What the task requires:
Leave out the pictures and restate every entry word for word.
** Given data follows **
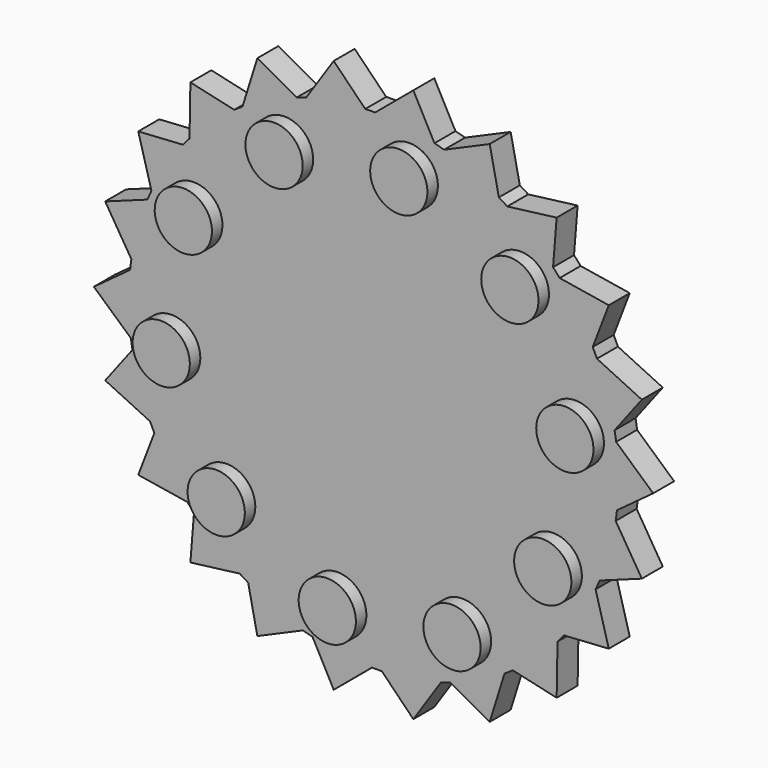
from build123d import *

# Parameters (mm, degrees)
F0_R            = 118.6771656213
F1_DEPTH        = 6.35
F2_R            = 13.8727461935
F3_DEPTH        = 6.35
F3_COPIES_COUNT = 10
F5_DEPTH        = 12.7
F5_COPIES_COUNT = 22


# Not quite as in the source:
# - a pattern or mirror of a feature is missing from the dataset's text; its kind, count and spacing are read off the source's solid


with BuildPart() as f1:
    # F0 (on Front) → F1 (new body, symmetric)
    with BuildSketch(Plane.XZ):
        Circle(F0_R)
    extrude(amount=F1_DEPTH, both=True)

    # F2 (on face) → F3 (join)
    with BuildSketch(Plane.XZ.offset(6.35)):
        with Locations((-71.153357625, -68.4610754251)):
            Circle(F2_R)
    f3 = extrude(amount=F3_DEPTH)

    # F3_copies: F3 ×10 about axis
    f3_copies_axis = Axis((0, 0, 0), (0, 1, 0))
    for i in range(1, F3_COPIES_COUNT):
        add(f3.rotate(f3_copies_axis, i * 360 / F3_COPIES_COUNT))

    # F4 (on face) → F5 (join, through all)
    with BuildSketch(Plane.XZ.offset(6.35)):
        with BuildLine():
            Line((-135.5267614126, 0), (-117.5784646417, -16.1113094564))
            ThreePointArc((-117.5784646417, -16.1113094564), (-118.6661963279, -1.6135330732), (-117.9730534673, 12.9084582934))
            Line((-117.9730534673, 12.9084582934), (-135.5267614126, 0))
        make_face()
    f5 = extrude(amount=-F5_DEPTH)

    # F5_copies: F5 ×22 about axis
    f5_copies_axis = Axis((0, 0, 0), (0, 1, 0))
    for i in range(1, F5_COPIES_COUNT):
        add(f5.rotate(f5_copies_axis, i * 360 / F5_COPIES_COUNT))


solid = f1.part
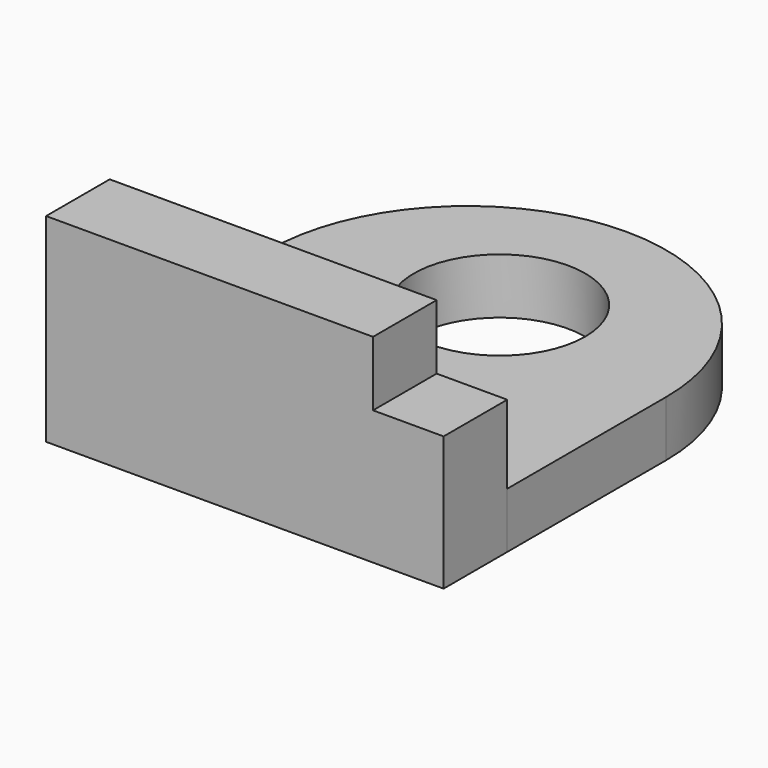
from build123d import *

# Parameters (mm, degrees)
F0_W     = 127
F0_H     = 63.5
F1_DEPTH = 25.4
F2_W     = 22.5477049351
F2_H     = 20.6739342883
F3_DEPTH = 25.4
F4_W     = 127
F4_H     = 17.7800003439
F5_DEPTH = 127
F6_R     = 63.5
F7_R     = 63.49999
F8_R     = 27.3600762243
F9_DEPTH = 25.4


# Not quite as in the source:
# - a fillet or chamfer is up to 0.001 mm smaller than in the source, because OpenCascade refuses the exact size


with BuildPart() as f1:
    # F0 (on Front) → F1 (new body)
    with BuildSketch(Plane.XZ):
        Rectangle(F0_W, F0_H)
    extrude(amount=F1_DEPTH)

    # F2 (on face) → F3 (cut)
    with BuildSketch(Plane.XZ.offset(25.4)):
        with Locations((52.2261475325, 21.4130328558)):
            Rectangle(F2_W, F2_H)
    extrude(amount=-F3_DEPTH, mode=Mode.SUBTRACT)


with BuildPart() as f5:
    # F4 (on Front) → F5 (new body)
    with BuildSketch(Plane.XZ):
        with Locations((0, -22.859999828)):
            Rectangle(F4_W, F4_H)
    extrude(amount=-F5_DEPTH)

    # F6
    f6_edges = [f5.edges().sort_by_distance(p)[0] for p in [
        (63.5, 127, -22.86),
    ]]
    fillet(f6_edges, radius=F6_R)

    # F7 (radius 63.5 in the source; OpenCascade refuses exactly that, so slightly less here)
    f7_edges = [f5.edges().sort_by_distance(p)[0] for p in [
        (-63.5, 127, -22.86),
    ]]
    fillet(f7_edges, radius=F7_R)

    # F8 (on face) → F9 (cut)
    with BuildSketch(Plane.XY.offset(-13.9699996561)):
        with Locations((0, 76.3110369444)):
            Circle(F8_R)
    extrude(amount=-F9_DEPTH, mode=Mode.SUBTRACT)


solid = Compound([f1.part, f5.part])
** End of Given data **
Finished task:
from build123d import *

# Parameters (mm, degrees)
F0_R            = 118.6771656213
F1_DEPTH        = 6.35
F2_R            = 13.8727461935
F3_DEPTH        = 6.35
F3_COPIES_COUNT = 10
F5_DEPTH        = 12.7
F5_COPIES_COUNT = 22


# Not quite as in the source:
# - a pattern or mirror of a feature is missing from the dataset's text; its kind, count and spacing are read off the source's solid


with BuildPart() as f1:
    # F0 (on Front) → F1 (new body, symmetric)
    with BuildSketch(Plane.XZ):
        Circle(F0_R)
    extrude(amount=F1_DEPTH, both=True)

    # F2 (on face) → F3 (join)
    with BuildSketch(Plane.XZ.offset(6.35)):
        with Locations((-71.153357625, -68.4610754251)):
            Circle(F2_R)
    f3 = extrude(amount=F3_DEPTH)

    # F3_copies: F3 ×10 about axis
    f3_copies_axis = Axis((0, 0, 0), (0, 1, 0))
    for i in range(1, F3_COPIES_COUNT):
        add(f3.rotate(f3_copies_axis, i * 360 / F3_COPIES_COUNT))

    # F4 (on face) → F5 (join, through all)
    with BuildSketch(Plane.XZ.offset(6.35)):
        with BuildLine():
            Line((-135.5267614126, 0), (-117.5784646417, -16.1113094564))
            ThreePointArc((-117.5784646417, -16.1113094564), (-118.6661963279, -1.6135330732), (-117.9730534673, 12.9084582934))
            Line((-117.9730534673, 12.9084582934), (-135.5267614126, 0))
        make_face()
    f5 = extrude(amount=-F5_DEPTH)

    # F5_copies: F5 ×22 about axis
    f5_copies_axis = Axis((0, 0, 0), (0, 1, 0))
    for i in range(1, F5_COPIES_COUNT):
        add(f5.rotate(f5_copies_axis, i * 360 / F5_COPIES_COUNT))


solid = f1.part
from build123d import *

# Parameters (mm, degrees)
F0_W     = 127
F0_H     = 63.5
F1_DEPTH = 25.4
F2_W     = 22.5477049351
F2_H     = 20.6739342883
F3_DEPTH = 25.4
F4_W     = 127
F4_H     = 17.7800003439
F5_DEPTH = 127
F6_R     = 63.5
F7_R     = 63.49999
F8_R     = 27.3600762243
F9_DEPTH = 25.4


# Not quite as in the source:
# - a fillet or chamfer is up to 0.001 mm smaller than in the source, because OpenCascade refuses the exact size


with BuildPart() as f1:
    # F0 (on Front) → F1 (new body)
    with BuildSketch(Plane.XZ):
        Rectangle(F0_W, F0_H)
    extrude(amount=F1_DEPTH)

    # F2 (on face) → F3 (cut)
    with BuildSketch(Plane.XZ.offset(25.4)):
        with Locations((52.2261475325, 21.4130328558)):
            Rectangle(F2_W, F2_H)
    extrude(amount=-F3_DEPTH, mode=Mode.SUBTRACT)


with BuildPart() as f5:
    # F4 (on Front) → F5 (new body)
    with BuildSketch(Plane.XZ):
        with Locations((0, -22.859999828)):
            Rectangle(F4_W, F4_H)
    extrude(amount=-F5_DEPTH)

    # F6
    f6_edges = [f5.edges().sort_by_distance(p)[0] for p in [
        (63.5, 127, -22.86),
    ]]
    fillet(f6_edges, radius=F6_R)

    # F7 (radius 63.5 in the source; OpenCascade refuses exactly that, so slightly less here)
    f7_edges = [f5.edges().sort_by_distance(p)[0] for p in [
        (-63.5, 127, -22.86),
    ]]
    fillet(f7_edges, radius=F7_R)

    # F8 (on face) → F9 (cut)
    with BuildSketch(Plane.XY.offset(-13.9699996561)):
        with Locations((0, 76.3110369444)):
            Circle(F8_R)
    extrude(amount=-F9_DEPTH, mode=Mode.SUBTRACT)


solid = Compound([f1.part, f5.part])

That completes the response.